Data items
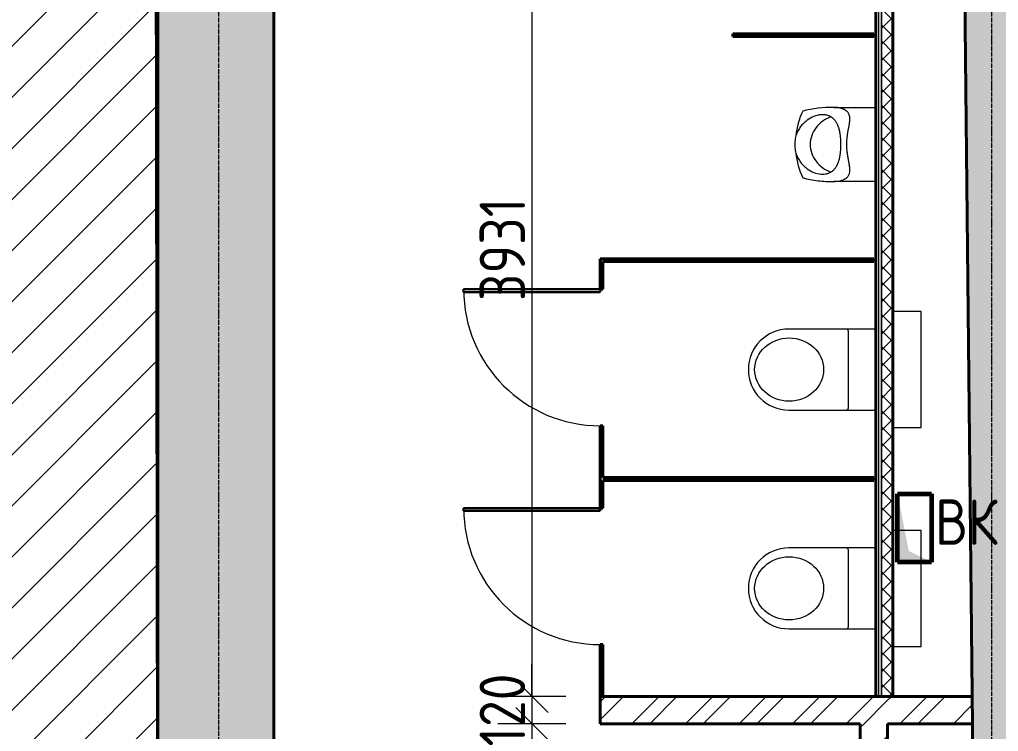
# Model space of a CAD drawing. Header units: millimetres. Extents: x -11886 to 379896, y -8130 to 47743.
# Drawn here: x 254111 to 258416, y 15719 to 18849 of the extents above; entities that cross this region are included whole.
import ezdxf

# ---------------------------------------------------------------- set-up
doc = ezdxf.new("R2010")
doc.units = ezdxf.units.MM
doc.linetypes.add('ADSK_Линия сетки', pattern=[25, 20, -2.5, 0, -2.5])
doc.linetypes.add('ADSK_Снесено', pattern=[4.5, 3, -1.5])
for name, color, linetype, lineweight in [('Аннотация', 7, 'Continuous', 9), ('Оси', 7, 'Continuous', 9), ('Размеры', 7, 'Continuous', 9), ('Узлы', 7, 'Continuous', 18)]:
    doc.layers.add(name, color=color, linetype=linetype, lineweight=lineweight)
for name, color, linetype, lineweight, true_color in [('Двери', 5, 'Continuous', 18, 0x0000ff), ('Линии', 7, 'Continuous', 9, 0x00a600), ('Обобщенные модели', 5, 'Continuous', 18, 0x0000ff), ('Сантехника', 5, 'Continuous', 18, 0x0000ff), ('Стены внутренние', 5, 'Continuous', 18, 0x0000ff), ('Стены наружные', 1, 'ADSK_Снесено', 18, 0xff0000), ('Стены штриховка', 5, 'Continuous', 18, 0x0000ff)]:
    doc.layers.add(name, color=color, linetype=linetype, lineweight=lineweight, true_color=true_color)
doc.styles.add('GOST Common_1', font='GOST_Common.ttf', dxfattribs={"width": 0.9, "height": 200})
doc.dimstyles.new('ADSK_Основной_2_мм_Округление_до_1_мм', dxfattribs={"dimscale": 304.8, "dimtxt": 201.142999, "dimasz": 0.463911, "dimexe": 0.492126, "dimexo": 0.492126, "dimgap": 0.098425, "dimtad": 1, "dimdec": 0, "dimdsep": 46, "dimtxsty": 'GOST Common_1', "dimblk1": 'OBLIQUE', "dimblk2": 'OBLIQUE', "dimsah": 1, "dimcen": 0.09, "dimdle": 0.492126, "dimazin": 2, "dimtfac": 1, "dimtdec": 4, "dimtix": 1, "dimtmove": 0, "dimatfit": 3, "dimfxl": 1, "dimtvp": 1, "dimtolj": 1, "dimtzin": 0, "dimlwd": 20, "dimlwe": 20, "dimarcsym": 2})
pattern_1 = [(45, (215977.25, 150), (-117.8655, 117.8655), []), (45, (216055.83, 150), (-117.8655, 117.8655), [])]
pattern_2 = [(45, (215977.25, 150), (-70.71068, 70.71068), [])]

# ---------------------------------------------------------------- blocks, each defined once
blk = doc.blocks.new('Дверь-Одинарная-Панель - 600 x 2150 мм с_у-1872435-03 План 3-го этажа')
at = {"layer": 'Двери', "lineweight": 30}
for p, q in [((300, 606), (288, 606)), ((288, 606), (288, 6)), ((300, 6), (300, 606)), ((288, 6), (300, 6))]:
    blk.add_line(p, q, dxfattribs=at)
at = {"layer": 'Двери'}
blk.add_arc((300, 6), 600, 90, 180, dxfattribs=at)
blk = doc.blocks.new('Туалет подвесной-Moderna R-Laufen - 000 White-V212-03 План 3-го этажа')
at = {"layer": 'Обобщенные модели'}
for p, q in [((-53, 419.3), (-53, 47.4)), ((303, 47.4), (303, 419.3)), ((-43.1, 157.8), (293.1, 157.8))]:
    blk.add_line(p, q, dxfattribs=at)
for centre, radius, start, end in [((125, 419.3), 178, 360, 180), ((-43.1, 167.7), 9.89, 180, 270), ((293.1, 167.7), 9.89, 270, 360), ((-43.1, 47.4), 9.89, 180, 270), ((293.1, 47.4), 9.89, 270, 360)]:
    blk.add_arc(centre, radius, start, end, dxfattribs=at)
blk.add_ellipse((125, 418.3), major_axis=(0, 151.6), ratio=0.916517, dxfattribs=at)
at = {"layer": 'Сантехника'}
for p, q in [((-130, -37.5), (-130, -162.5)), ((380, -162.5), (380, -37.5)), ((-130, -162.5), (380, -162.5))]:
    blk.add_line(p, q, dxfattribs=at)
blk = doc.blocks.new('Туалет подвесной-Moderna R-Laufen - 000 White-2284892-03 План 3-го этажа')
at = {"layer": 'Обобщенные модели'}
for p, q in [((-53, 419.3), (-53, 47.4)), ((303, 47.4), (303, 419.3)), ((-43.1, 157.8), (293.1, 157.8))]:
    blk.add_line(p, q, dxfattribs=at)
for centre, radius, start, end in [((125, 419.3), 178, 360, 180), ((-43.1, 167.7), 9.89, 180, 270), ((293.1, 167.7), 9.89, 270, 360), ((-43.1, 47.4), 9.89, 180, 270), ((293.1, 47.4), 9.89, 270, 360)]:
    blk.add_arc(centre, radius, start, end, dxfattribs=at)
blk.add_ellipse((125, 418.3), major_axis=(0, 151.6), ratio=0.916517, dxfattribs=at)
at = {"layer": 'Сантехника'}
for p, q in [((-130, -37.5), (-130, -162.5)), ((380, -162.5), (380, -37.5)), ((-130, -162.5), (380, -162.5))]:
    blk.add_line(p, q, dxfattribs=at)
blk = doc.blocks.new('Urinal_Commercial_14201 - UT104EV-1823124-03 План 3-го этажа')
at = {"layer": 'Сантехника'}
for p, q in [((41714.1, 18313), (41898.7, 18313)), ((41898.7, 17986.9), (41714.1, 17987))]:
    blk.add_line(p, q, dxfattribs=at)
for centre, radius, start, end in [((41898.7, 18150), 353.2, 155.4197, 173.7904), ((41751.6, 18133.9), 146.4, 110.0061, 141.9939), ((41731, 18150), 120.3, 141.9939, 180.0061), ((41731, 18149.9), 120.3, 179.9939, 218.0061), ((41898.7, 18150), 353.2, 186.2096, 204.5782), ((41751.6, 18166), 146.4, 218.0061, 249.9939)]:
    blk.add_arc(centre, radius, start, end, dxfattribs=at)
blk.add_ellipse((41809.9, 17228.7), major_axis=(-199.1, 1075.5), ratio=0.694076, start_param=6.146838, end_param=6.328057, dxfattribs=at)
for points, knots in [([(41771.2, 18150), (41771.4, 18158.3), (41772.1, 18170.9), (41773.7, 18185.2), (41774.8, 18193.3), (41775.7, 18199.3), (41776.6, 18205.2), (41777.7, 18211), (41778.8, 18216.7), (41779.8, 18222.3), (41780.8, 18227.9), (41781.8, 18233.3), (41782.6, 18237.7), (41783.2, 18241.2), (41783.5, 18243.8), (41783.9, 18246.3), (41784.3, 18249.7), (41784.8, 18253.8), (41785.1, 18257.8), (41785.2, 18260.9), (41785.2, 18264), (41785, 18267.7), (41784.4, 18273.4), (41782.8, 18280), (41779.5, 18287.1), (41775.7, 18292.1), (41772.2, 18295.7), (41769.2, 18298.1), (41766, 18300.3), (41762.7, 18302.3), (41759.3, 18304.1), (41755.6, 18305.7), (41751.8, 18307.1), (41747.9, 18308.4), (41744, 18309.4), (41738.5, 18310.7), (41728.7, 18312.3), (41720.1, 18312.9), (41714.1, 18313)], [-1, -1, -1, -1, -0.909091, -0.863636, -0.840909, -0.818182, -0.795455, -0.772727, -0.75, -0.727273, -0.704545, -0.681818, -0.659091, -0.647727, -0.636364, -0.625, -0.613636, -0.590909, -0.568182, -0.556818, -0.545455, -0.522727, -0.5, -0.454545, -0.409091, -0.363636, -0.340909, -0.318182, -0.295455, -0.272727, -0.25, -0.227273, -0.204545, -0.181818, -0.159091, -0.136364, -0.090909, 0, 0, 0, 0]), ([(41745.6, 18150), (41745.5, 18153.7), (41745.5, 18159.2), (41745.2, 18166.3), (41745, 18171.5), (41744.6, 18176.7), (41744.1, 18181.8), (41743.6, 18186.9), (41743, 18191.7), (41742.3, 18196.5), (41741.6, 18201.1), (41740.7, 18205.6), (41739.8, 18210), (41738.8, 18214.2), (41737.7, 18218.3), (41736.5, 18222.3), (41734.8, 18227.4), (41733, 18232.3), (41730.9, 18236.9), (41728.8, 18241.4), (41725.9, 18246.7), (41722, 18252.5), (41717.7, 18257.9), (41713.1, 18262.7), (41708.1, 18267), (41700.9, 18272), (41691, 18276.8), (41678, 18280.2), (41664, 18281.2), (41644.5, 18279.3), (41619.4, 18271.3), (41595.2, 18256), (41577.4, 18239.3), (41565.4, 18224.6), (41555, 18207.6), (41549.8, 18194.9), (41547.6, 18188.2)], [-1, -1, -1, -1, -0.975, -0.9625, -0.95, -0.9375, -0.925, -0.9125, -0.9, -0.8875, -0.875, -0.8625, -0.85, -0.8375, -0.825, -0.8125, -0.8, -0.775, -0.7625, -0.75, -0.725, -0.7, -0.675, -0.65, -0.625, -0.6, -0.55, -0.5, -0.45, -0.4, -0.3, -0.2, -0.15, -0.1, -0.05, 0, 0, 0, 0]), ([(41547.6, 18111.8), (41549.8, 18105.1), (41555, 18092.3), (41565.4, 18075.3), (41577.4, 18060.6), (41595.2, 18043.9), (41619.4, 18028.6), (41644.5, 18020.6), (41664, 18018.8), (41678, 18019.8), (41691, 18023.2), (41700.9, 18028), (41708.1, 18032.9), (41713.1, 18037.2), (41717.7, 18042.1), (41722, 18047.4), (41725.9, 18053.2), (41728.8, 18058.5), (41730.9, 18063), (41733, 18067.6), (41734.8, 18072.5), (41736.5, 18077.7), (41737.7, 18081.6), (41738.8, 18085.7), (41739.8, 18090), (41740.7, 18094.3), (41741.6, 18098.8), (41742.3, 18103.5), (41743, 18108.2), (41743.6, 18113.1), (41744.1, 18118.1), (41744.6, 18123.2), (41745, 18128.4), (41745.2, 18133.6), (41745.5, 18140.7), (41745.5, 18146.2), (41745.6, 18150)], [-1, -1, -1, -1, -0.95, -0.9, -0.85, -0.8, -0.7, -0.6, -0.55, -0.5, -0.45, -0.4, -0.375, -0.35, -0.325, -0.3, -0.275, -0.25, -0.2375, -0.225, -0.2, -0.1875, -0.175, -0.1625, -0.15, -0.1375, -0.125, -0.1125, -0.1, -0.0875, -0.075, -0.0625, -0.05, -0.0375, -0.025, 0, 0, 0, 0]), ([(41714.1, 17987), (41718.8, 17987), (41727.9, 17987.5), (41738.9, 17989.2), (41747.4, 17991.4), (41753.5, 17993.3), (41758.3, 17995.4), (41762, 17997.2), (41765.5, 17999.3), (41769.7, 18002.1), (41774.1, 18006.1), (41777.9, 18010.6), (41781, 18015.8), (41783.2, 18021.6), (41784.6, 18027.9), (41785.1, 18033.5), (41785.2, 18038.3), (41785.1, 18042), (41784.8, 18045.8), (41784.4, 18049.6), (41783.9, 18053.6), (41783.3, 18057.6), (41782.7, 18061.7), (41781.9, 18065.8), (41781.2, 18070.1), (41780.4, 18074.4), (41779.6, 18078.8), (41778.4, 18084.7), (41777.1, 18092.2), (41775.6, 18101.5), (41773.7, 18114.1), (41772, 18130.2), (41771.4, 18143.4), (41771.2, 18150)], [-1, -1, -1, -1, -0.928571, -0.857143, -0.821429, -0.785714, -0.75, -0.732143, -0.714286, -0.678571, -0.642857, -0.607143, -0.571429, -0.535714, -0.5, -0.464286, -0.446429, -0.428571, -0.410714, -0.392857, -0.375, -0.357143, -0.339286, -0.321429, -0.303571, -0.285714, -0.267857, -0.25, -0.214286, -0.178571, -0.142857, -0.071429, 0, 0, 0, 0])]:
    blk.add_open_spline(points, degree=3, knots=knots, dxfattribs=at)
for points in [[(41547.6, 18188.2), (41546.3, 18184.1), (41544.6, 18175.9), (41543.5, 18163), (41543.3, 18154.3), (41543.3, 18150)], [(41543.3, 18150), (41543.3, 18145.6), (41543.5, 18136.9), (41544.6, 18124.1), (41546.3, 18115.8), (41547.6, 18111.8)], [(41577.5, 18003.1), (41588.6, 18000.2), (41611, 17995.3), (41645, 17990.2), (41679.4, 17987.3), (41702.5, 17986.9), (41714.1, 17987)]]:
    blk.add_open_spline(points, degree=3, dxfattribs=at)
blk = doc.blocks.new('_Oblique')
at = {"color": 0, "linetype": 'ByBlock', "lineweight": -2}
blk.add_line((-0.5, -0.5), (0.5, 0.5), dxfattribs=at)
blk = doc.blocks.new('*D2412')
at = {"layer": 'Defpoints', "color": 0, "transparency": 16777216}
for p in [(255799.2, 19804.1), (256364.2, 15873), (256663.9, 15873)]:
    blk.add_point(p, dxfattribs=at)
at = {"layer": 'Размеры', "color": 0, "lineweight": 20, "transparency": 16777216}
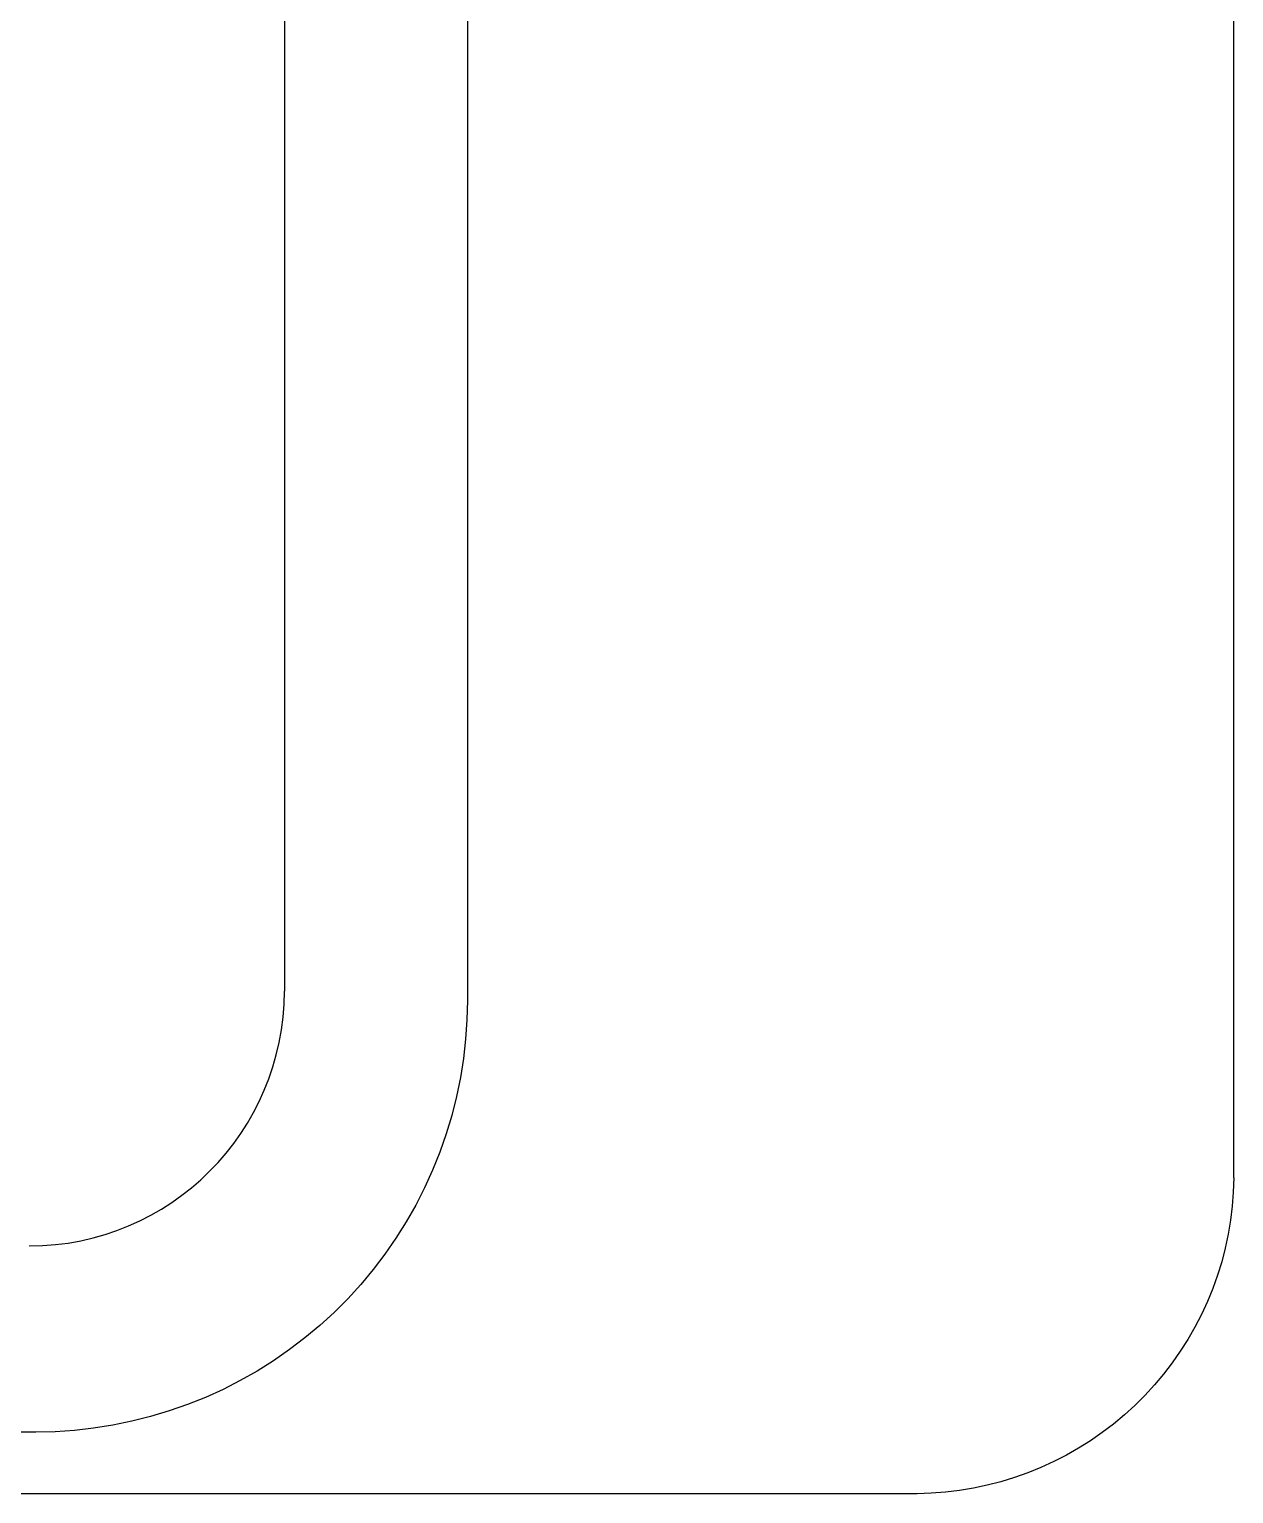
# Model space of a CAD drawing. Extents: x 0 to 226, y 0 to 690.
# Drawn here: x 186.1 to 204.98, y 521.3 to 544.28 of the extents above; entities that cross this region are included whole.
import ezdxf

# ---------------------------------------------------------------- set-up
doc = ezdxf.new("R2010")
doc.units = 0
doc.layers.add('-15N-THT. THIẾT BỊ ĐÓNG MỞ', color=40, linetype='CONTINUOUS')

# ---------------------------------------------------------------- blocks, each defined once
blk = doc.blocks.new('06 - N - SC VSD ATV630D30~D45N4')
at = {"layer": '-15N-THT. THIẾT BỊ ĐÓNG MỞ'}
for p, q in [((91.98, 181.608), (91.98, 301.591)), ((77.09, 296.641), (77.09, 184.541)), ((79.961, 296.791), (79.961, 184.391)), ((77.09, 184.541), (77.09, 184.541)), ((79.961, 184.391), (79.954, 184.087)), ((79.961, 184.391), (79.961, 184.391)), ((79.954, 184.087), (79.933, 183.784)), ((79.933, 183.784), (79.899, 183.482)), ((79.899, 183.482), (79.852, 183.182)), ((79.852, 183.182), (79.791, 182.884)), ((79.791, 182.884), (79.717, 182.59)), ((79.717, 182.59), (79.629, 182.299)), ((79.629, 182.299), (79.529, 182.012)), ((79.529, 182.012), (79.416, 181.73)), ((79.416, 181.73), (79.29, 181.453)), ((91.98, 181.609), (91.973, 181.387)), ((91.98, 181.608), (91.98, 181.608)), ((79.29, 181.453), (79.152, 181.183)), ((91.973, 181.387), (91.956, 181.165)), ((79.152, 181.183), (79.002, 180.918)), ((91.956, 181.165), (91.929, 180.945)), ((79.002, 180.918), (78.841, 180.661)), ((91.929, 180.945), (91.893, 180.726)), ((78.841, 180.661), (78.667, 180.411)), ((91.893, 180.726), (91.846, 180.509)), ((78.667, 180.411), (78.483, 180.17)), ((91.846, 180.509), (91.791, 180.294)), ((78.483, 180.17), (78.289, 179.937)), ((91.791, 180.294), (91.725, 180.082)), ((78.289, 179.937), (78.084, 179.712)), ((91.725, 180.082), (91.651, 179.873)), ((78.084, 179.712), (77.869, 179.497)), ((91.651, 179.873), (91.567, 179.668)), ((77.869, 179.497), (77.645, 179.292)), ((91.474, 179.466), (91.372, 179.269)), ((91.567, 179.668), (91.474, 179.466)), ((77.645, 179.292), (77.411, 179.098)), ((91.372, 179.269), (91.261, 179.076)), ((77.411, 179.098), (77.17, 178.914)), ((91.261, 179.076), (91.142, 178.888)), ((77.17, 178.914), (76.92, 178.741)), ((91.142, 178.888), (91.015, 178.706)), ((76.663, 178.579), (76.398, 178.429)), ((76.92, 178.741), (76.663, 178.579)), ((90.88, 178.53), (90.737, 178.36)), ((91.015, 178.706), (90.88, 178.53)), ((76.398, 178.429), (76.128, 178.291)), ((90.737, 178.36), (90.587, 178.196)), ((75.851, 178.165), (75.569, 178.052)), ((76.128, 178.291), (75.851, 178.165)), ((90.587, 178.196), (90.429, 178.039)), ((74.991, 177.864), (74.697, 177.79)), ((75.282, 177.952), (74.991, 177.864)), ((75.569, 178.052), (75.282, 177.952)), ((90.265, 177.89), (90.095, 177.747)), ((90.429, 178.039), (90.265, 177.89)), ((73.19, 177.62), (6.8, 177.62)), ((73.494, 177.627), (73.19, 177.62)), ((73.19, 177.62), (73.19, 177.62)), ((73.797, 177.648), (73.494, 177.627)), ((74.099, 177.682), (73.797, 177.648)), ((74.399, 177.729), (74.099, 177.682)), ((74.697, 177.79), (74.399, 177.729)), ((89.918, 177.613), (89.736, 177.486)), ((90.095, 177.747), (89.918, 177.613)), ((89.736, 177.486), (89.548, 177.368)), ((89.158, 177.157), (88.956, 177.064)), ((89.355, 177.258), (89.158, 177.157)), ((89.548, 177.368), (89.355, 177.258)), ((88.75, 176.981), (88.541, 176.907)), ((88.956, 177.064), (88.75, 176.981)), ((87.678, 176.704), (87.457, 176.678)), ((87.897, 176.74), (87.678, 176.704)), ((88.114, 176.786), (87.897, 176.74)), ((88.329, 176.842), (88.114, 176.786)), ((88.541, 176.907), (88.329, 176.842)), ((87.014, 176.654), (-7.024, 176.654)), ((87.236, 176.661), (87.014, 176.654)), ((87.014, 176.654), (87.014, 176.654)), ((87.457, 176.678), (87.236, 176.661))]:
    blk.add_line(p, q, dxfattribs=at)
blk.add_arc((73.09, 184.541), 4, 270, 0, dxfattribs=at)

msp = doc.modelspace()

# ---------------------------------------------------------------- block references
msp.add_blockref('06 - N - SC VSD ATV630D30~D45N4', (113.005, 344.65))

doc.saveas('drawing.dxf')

* _What is required_
Return only the part of the records above that opens with the line containing "# Drawn here: x 254111" and closes with the line containing "for name, color, linetype, lineweight in", ends included.

* _Output for this exercise_
# Drawn here: x 254111 to 258416, y 15719 to 18849 of the extents above; entities that cross this region are included whole.
import ezdxf

# ---------------------------------------------------------------- set-up
doc = ezdxf.new("R2010")
doc.units = ezdxf.units.MM
doc.linetypes.add('ADSK_Линия сетки', pattern=[25, 20, -2.5, 0, -2.5])
doc.linetypes.add('ADSK_Снесено', pattern=[4.5, 3, -1.5])
for name, color, linetype, lineweight in [('Аннотация', 7, 'Continuous', 9), ('Оси', 7, 'Continuous', 9), ('Размеры', 7, 'Continuous', 9), ('Узлы', 7, 'Continuous', 18)]:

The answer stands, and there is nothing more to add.